Mike Norman, right, director of the San Diego Supercomputer Center at UCSD, along with assistant director Allan Snavely look at Gordon, one of the most powerful computers in Southern California on Thursday, December 8, 2011.
Image Credit: © San Diego U-T via ZUMA Press Wire
Gordon Compute Node Board
Size: 10 x 28 in (25.4 x 71.2 cm)
Date: 2011
Manufacturer: APPRO International, Inc.
Artifact loan courtesy of the San Diego Supercomputing Center, University of San Diego
When a new computer system debuts in the upper 10% of the TOP500 list of the world’s fastest supercomputers, this success draws quick interest about the key design elements enabling this newcomer to reside among those fast machines. For the Gordon Supercomputer, which entered production at the San Diego Supercomputer Center in 2012 and was designed to be a “supercomputer system suitable for data-intensive applications” and not simply speedy calculating, its appearance on the TOP500 list generated more than the usual attention.
Gordon’s computational power came from 1,024 compute node boards like the one below, each having two Intel XEON E5-2670 CPUs running at 2.6 GHz. Their total computing capacity placed Gordon at the #48 spot on the November 2011 TOP500 list. By providing user programs with abundant CPU horsepower and a memory address space of up to 2TB, Gordon could readily support researchers working on the most demanding “big data” problems.

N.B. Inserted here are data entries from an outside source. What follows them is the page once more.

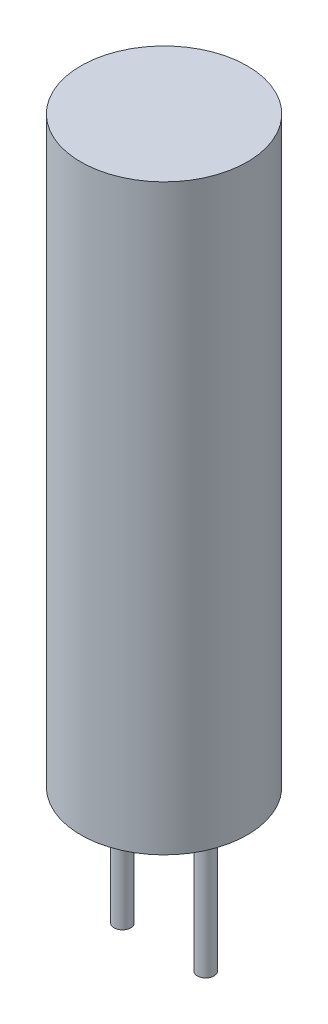
ISO-10303-21;
HEADER;
FILE_DESCRIPTION(('STEP AP214'),'2;1');
FILE_NAME('part.step','',(''),(''),'','','');
FILE_SCHEMA(('AUTOMOTIVE_DESIGN { 1 0 10303 214 1 1 1 1 }'));
ENDSEC;
DATA;
#1=APPLICATION_CONTEXT('core data for automotive mechanical design processes');
#2=APPLICATION_PROTOCOL_DEFINITION('international standard','automotive_design',2000,#1);
#3=PRODUCT_CONTEXT('',#1,'mechanical');
#4=PRODUCT('Part','Part','',(#3));
#5=PRODUCT_RELATED_PRODUCT_CATEGORY('part','',(#4));
#6=PRODUCT_DEFINITION_FORMATION('','',#4);
#7=PRODUCT_DEFINITION_CONTEXT('part definition',#1,'design');
#8=PRODUCT_DEFINITION('design','',#6,#7);
#9=PRODUCT_DEFINITION_SHAPE('','',#8);
#10=(LENGTH_UNIT() NAMED_UNIT(*) SI_UNIT(.MILLI.,.METRE.));
#11=(NAMED_UNIT(*) PLANE_ANGLE_UNIT() SI_UNIT($,.RADIAN.));
#12=(NAMED_UNIT(*) SI_UNIT($,.STERADIAN.) SOLID_ANGLE_UNIT());
#13=UNCERTAINTY_MEASURE_WITH_UNIT(LENGTH_MEASURE(1.E-05),#10,'distance_accuracy_value','');
#14=(GEOMETRIC_REPRESENTATION_CONTEXT(3) GLOBAL_UNCERTAINTY_ASSIGNED_CONTEXT((#13)) GLOBAL_UNIT_ASSIGNED_CONTEXT((#10,
#11,#12)) REPRESENTATION_CONTEXT('',''));
#15=CARTESIAN_POINT('',(0.,0.,0.));
#16=DIRECTION('',(0.,0.,1.));
#17=DIRECTION('',(1.,0.,0.));
#18=AXIS2_PLACEMENT_3D('',#15,#16,#17);
#19=CARTESIAN_POINT('',(0.,52.,0.));
#20=DIRECTION('',(0.,-1.,0.));
#21=DIRECTION('',(0.,0.,-1.));
#22=AXIS2_PLACEMENT_3D('',#19,#20,#21);
#23=CYLINDRICAL_SURFACE('',#22,6.);
#24=CARTESIAN_POINT('',(0.,52.,0.));
#25=DIRECTION('',(0.,1.,0.));
#26=DIRECTION('',(0.,0.,1.));
#27=AXIS2_PLACEMENT_3D('',#24,#25,#26);
#28=CIRCLE('',#27,6.);
#29=CARTESIAN_POINT('',(0.,52.,-6.));
#30=VERTEX_POINT('',#29);
#31=EDGE_CURVE('E11',#30,#30,#28,.T.);
#32=CARTESIAN_POINT('',(0.,10.,0.));
#33=DIRECTION('',(0.,1.,0.));
#34=DIRECTION('',(0.,0.,1.));
#35=AXIS2_PLACEMENT_3D('',#32,#33,#34);
#36=CIRCLE('',#35,6.);
#37=CARTESIAN_POINT('',(0.,10.,-6.));
#38=VERTEX_POINT('',#37);
#39=EDGE_CURVE('E60',#38,#38,#36,.T.);
#40=CARTESIAN_POINT('',(0.,52.,-6.));
#41=CARTESIAN_POINT('',(0.,51.5625,-6.));
#42=CARTESIAN_POINT('',(0.,51.125,-6.));
#43=CARTESIAN_POINT('',(0.,50.25,-6.));
#44=CARTESIAN_POINT('',(0.,49.8125,-6.));
#45=CARTESIAN_POINT('',(0.,48.9375,-6.));
#46=CARTESIAN_POINT('',(0.,48.5,-6.));
#47=CARTESIAN_POINT('',(0.,47.625,-6.));
#48=CARTESIAN_POINT('',(0.,47.1875,-6.));
#49=CARTESIAN_POINT('',(0.,46.3125,-6.));
#50=CARTESIAN_POINT('',(0.,45.875,-6.));
#51=CARTESIAN_POINT('',(0.,45.,-6.));
#52=CARTESIAN_POINT('',(0.,44.5625,-6.));
#53=CARTESIAN_POINT('',(0.,43.6875,-6.));
#54=CARTESIAN_POINT('',(0.,43.25,-6.));
#55=CARTESIAN_POINT('',(0.,42.375,-6.));
#56=CARTESIAN_POINT('',(0.,41.9375,-6.));
#57=CARTESIAN_POINT('',(0.,41.0625,-6.));
#58=CARTESIAN_POINT('',(0.,40.625,-6.));
#59=CARTESIAN_POINT('',(0.,39.75,-6.));
#60=CARTESIAN_POINT('',(0.,39.3125,-6.));
#61=CARTESIAN_POINT('',(0.,38.4375,-6.));
#62=CARTESIAN_POINT('',(0.,38.,-6.));
#63=CARTESIAN_POINT('',(0.,37.125,-6.));
#64=CARTESIAN_POINT('',(0.,36.6875,-6.));
#65=CARTESIAN_POINT('',(0.,35.8125,-6.));
#66=CARTESIAN_POINT('',(0.,35.375,-6.));
#67=CARTESIAN_POINT('',(0.,34.5,-6.));
#68=CARTESIAN_POINT('',(0.,34.0625,-6.));
#69=CARTESIAN_POINT('',(0.,33.1875,-6.));
#70=CARTESIAN_POINT('',(0.,32.75,-6.));
#71=CARTESIAN_POINT('',(0.,31.875,-6.));
#72=CARTESIAN_POINT('',(0.,31.4375,-6.));
#73=CARTESIAN_POINT('',(0.,30.5625,-6.));
#74=CARTESIAN_POINT('',(0.,30.125,-6.));
#75=CARTESIAN_POINT('',(0.,29.25,-6.));
#76=CARTESIAN_POINT('',(0.,28.8125,-6.));
#77=CARTESIAN_POINT('',(0.,27.9375,-6.));
#78=CARTESIAN_POINT('',(0.,27.5,-6.));
#79=CARTESIAN_POINT('',(0.,26.625,-6.));
#80=CARTESIAN_POINT('',(0.,26.1875,-6.));
#81=CARTESIAN_POINT('',(0.,25.3125,-6.));
#82=CARTESIAN_POINT('',(0.,24.875,-6.));
#83=CARTESIAN_POINT('',(0.,24.,-6.));
#84=CARTESIAN_POINT('',(0.,23.5625,-6.));
#85=CARTESIAN_POINT('',(0.,22.6875,-6.));
#86=CARTESIAN_POINT('',(0.,22.25,-6.));
#87=CARTESIAN_POINT('',(0.,21.375,-6.));
#88=CARTESIAN_POINT('',(0.,20.9375,-6.));
#89=CARTESIAN_POINT('',(0.,20.0625,-6.));
#90=CARTESIAN_POINT('',(0.,19.625,-6.));
#91=CARTESIAN_POINT('',(0.,18.75,-6.));
#92=CARTESIAN_POINT('',(0.,18.3125,-6.));
#93=CARTESIAN_POINT('',(0.,17.4375,-6.));
#94=CARTESIAN_POINT('',(0.,17.,-6.));
#95=CARTESIAN_POINT('',(0.,16.125,-6.));
#96=CARTESIAN_POINT('',(0.,15.6875,-6.));
#97=CARTESIAN_POINT('',(0.,14.8125,-6.));
#98=CARTESIAN_POINT('',(0.,14.375,-6.));
#99=CARTESIAN_POINT('',(0.,13.5,-6.));
#100=CARTESIAN_POINT('',(0.,13.0625,-6.));
#101=CARTESIAN_POINT('',(0.,12.1875,-6.));
#102=CARTESIAN_POINT('',(0.,11.75,-6.));
#103=CARTESIAN_POINT('',(0.,10.875,-6.));
#104=CARTESIAN_POINT('',(0.,10.4375,-6.));
#105=CARTESIAN_POINT('',(0.,10.,-6.));
#106=B_SPLINE_CURVE_WITH_KNOTS('',3,(#40,#41,#42,#43,#44,#45,#46,#47,#48,#49,#50,#51,#52,#53,
#54,#55,#56,#57,#58,#59,#60,#61,#62,#63,#64,#65,#66,#67,#68,#69,#70,#71,#72,#73,#74,#75,#76,#77,
#78,#79,#80,#81,#82,#83,#84,#85,#86,#87,#88,#89,#90,#91,#92,#93,#94,#95,#96,#97,#98,#99,#100,
#101,#102,#103,#104,#105),.UNSPECIFIED.,.F.,.F.,(4,2,2,2,2,2,2,2,2,2,2,2,2,2,2,2,2,2,2,2,2,2,2,
2,2,2,2,2,2,2,2,2,4),(0.,1.31249999999999,2.625,3.9375,5.25,6.5625,7.87499999999999,
9.18749999999999,10.5,11.8125,13.125,14.4375,15.75,17.0625,18.375,19.6875,21.,22.3125,23.625,
24.9375,26.25,27.5625,28.875,30.1875,31.5,32.8125,34.125,35.4375,36.75,38.0625,39.375,40.6875,
42.),.UNSPECIFIED.);
#107=EDGE_CURVE('BSEAM53',#30,#38,#106,.T.);
#108=ORIENTED_EDGE('',*,*,#31,.F.);
#109=ORIENTED_EDGE('',*,*,#39,.T.);
#110=ORIENTED_EDGE('',*,*,#107,.T.);
#111=ORIENTED_EDGE('',*,*,#107,.F.);
#112=EDGE_LOOP('',(#108,#110,#109,#111));
#113=FACE_BOUND('',#112,.T.);
#114=ADVANCED_FACE('F53',(#113),#23,.T.);
#115=CARTESIAN_POINT('',(0.,52.,0.));
#116=DIRECTION('',(0.,1.,0.));
#117=DIRECTION('',(0.,0.,1.));
#118=AXIS2_PLACEMENT_3D('',#115,#116,#117);
#119=PLANE('',#118);
#120=ORIENTED_EDGE('',*,*,#31,.T.);
#121=EDGE_LOOP('',(#120));
#122=FACE_BOUND('',#121,.T.);
#123=ADVANCED_FACE('F69',(#122),#119,.T.);
#124=CARTESIAN_POINT('',(0.,10.,0.));
#125=DIRECTION('',(0.,1.,0.));
#126=DIRECTION('',(0.,0.,1.));
#127=AXIS2_PLACEMENT_3D('',#124,#125,#126);
#128=PLANE('',#127);
#129=ORIENTED_EDGE('',*,*,#39,.F.);
#130=EDGE_LOOP('',(#129));
#131=FACE_BOUND('',#130,.T.);
#132=ADVANCED_FACE('F70',(#131),#128,.F.);
#133=CLOSED_SHELL('',(#114,#123,#132));
#134=MANIFOLD_SOLID_BREP('B2',#133);
#135=CARTESIAN_POINT('',(3.,10.,0.));
#136=DIRECTION('',(0.,-1.,0.));
#137=DIRECTION('',(0.,0.,-1.));
#138=AXIS2_PLACEMENT_3D('',#135,#136,#137);
#139=CYLINDRICAL_SURFACE('',#138,0.6);
#140=CARTESIAN_POINT('',(3.,10.,0.));
#141=DIRECTION('',(0.,1.,0.));
#142=DIRECTION('',(0.,0.,1.));
#143=AXIS2_PLACEMENT_3D('',#140,#141,#142);
#144=CIRCLE('',#143,0.6);
#145=CARTESIAN_POINT('',(3.,10.,0.6));
#146=VERTEX_POINT('',#145);
#147=EDGE_CURVE('E120',#146,#146,#144,.T.);
#148=ORIENTED_EDGE('',*,*,#147,.F.);
#149=EDGE_LOOP('',(#148));
#150=FACE_BOUND('',#149,.T.);
#151=CARTESIAN_POINT('',(3.,0.,0.));
#152=DIRECTION('',(0.,1.,0.));
#153=DIRECTION('',(0.,0.,1.));
#154=AXIS2_PLACEMENT_3D('',#151,#152,#153);
#155=CIRCLE('',#154,0.6);
#156=CARTESIAN_POINT('',(3.,0.,0.6));
#157=VERTEX_POINT('',#156);
#158=EDGE_CURVE('E52',#157,#157,#155,.T.);
#159=ORIENTED_EDGE('',*,*,#158,.T.);
#160=EDGE_LOOP('',(#159));
#161=FACE_BOUND('',#160,.T.);
#162=ADVANCED_FACE('F111',(#150,#161),#139,.T.);
#163=CARTESIAN_POINT('',(3.,10.,0.));
#164=DIRECTION('',(0.,1.,0.));
#165=DIRECTION('',(0.,0.,1.));
#166=AXIS2_PLACEMENT_3D('',#163,#164,#165);
#167=PLANE('',#166);
#168=ORIENTED_EDGE('',*,*,#147,.T.);
#169=EDGE_LOOP('',(#168));
#170=FACE_BOUND('',#169,.T.);
#171=ADVANCED_FACE('F119',(#170),#167,.T.);
#172=CARTESIAN_POINT('',(3.,0.,0.));
#173=DIRECTION('',(0.,1.,0.));
#174=DIRECTION('',(0.,0.,1.));
#175=AXIS2_PLACEMENT_3D('',#172,#173,#174);
#176=PLANE('',#175);
#177=ORIENTED_EDGE('',*,*,#158,.F.);
#178=EDGE_LOOP('',(#177));
#179=FACE_BOUND('',#178,.T.);
#180=ADVANCED_FACE('F135',(#179),#176,.F.);
#181=CLOSED_SHELL('',(#162,#171,#180));
#182=MANIFOLD_SOLID_BREP('B6',#181);
#183=CARTESIAN_POINT('',(-3.,10.,0.));
#184=DIRECTION('',(0.,-1.,0.));
#185=DIRECTION('',(0.,0.,-1.));
#186=AXIS2_PLACEMENT_3D('',#183,#184,#185);
#187=CYLINDRICAL_SURFACE('',#186,0.6);
#188=CARTESIAN_POINT('',(-3.,10.,0.));
#189=DIRECTION('',(0.,1.,0.));
#190=DIRECTION('',(0.,0.,1.));
#191=AXIS2_PLACEMENT_3D('',#188,#189,#190);
#192=CIRCLE('',#191,0.6);
#193=CARTESIAN_POINT('',(-3.,10.,0.6));
#194=VERTEX_POINT('',#193);
#195=EDGE_CURVE('E114',#194,#194,#192,.T.);
#196=ORIENTED_EDGE('',*,*,#195,.F.);
#197=EDGE_LOOP('',(#196));
#198=FACE_BOUND('',#197,.T.);
#199=CARTESIAN_POINT('',(-3.,0.,0.));
#200=DIRECTION('',(0.,1.,0.));
#201=DIRECTION('',(0.,0.,1.));
#202=AXIS2_PLACEMENT_3D('',#199,#200,#201);
#203=CIRCLE('',#202,0.6);
#204=CARTESIAN_POINT('',(-3.,0.,0.6));
#205=VERTEX_POINT('',#204);
#206=EDGE_CURVE('E168',#205,#205,#203,.T.);
#207=ORIENTED_EDGE('',*,*,#206,.T.);
#208=EDGE_LOOP('',(#207));
#209=FACE_BOUND('',#208,.T.);
#210=ADVANCED_FACE('F170',(#198,#209),#187,.T.);
#211=CARTESIAN_POINT('',(-3.,10.,0.));
#212=DIRECTION('',(0.,1.,0.));
#213=DIRECTION('',(0.,0.,1.));
#214=AXIS2_PLACEMENT_3D('',#211,#212,#213);
#215=PLANE('',#214);
#216=ORIENTED_EDGE('',*,*,#195,.T.);
#217=EDGE_LOOP('',(#216));
#218=FACE_BOUND('',#217,.T.);
#219=ADVANCED_FACE('F185',(#218),#215,.T.);
#220=CARTESIAN_POINT('',(-3.,0.,0.));
#221=DIRECTION('',(0.,1.,0.));
#222=DIRECTION('',(0.,0.,1.));
#223=AXIS2_PLACEMENT_3D('',#220,#221,#222);
#224=PLANE('',#223);
#225=ORIENTED_EDGE('',*,*,#206,.F.);
#226=EDGE_LOOP('',(#225));
#227=FACE_BOUND('',#226,.T.);
#228=ADVANCED_FACE('F176',(#227),#224,.F.);
#229=CLOSED_SHELL('',(#210,#219,#228));
#230=MANIFOLD_SOLID_BREP('B48',#229);
#231=ADVANCED_BREP_SHAPE_REPRESENTATION('',(#18,#134,#182,#230),#14);
#232=SHAPE_DEFINITION_REPRESENTATION(#9,#231);
ENDSEC;
END-ISO-10303-21;

But where the system’s design truly excelled was in its ability to perform I/O, or input/output, operations. Gordon’s principal investigator Mike Norman demonstrated this at SC11 in Seattle where Gordon delivered a record-setting 36 million input/output operations per second owing to its pathbreaking design feature: 300TB of Intel SSD 710 series flash drives. According to Gordon’s co-principal investigator, Allan Snavely, “Intel SSDs were among the best” and easily helped to fulfill Gordon’s 2009 NSF award mandate “to bridge the widening latency gap between main memory and rotating disk storage in modern computing systems.”
Predictably, many researchers were eager to take advantage of Gordon’s promising performance realized through its design’s balanced combination of a flexible compute node architecture and its voluminous flash-based SSD storage.
For example, two users studying forest growth dynamics found Gordon’s ability to provide a 300GB shared aggregated memory space helped to reduce the final run time of their application from over a week to under eight hours.
Gordon’s low-latency SSD drives proved appealing to many users as either fast temporary storage spaces or as persistent storage for large databases. For instance, several computational chemists looking for new catalysts found that only Gordon offered the large scratch storage able to make their search for larger molecules by the CCSD(T) method practical. When it came to databases, calculations based on 3D molecule structures archived in the Protein Data Bank (PDB) saw a 4X speedup when the database was accessed from Gordon’s SSD versus a hard disk.
From 2012 to 2017 Gordon delivered 450 million core hours to these and over 9,000 other users who submitted jobs to support research from an extensive range of scientific disciplines. Some of these users were newcomers to supercomputing thanks to the outreach efforts made by the San Diego Supercomputer Center to promote Gordon and its data-intensive computing possibilities. While advanced hardware modules, such as this compute node board, helped to propel Gordon to a high TOP500 ranking, it was Mike Norman, Allan Snavely, and many other individuals who made it possible for these thousands of users to turn their data into knowledge.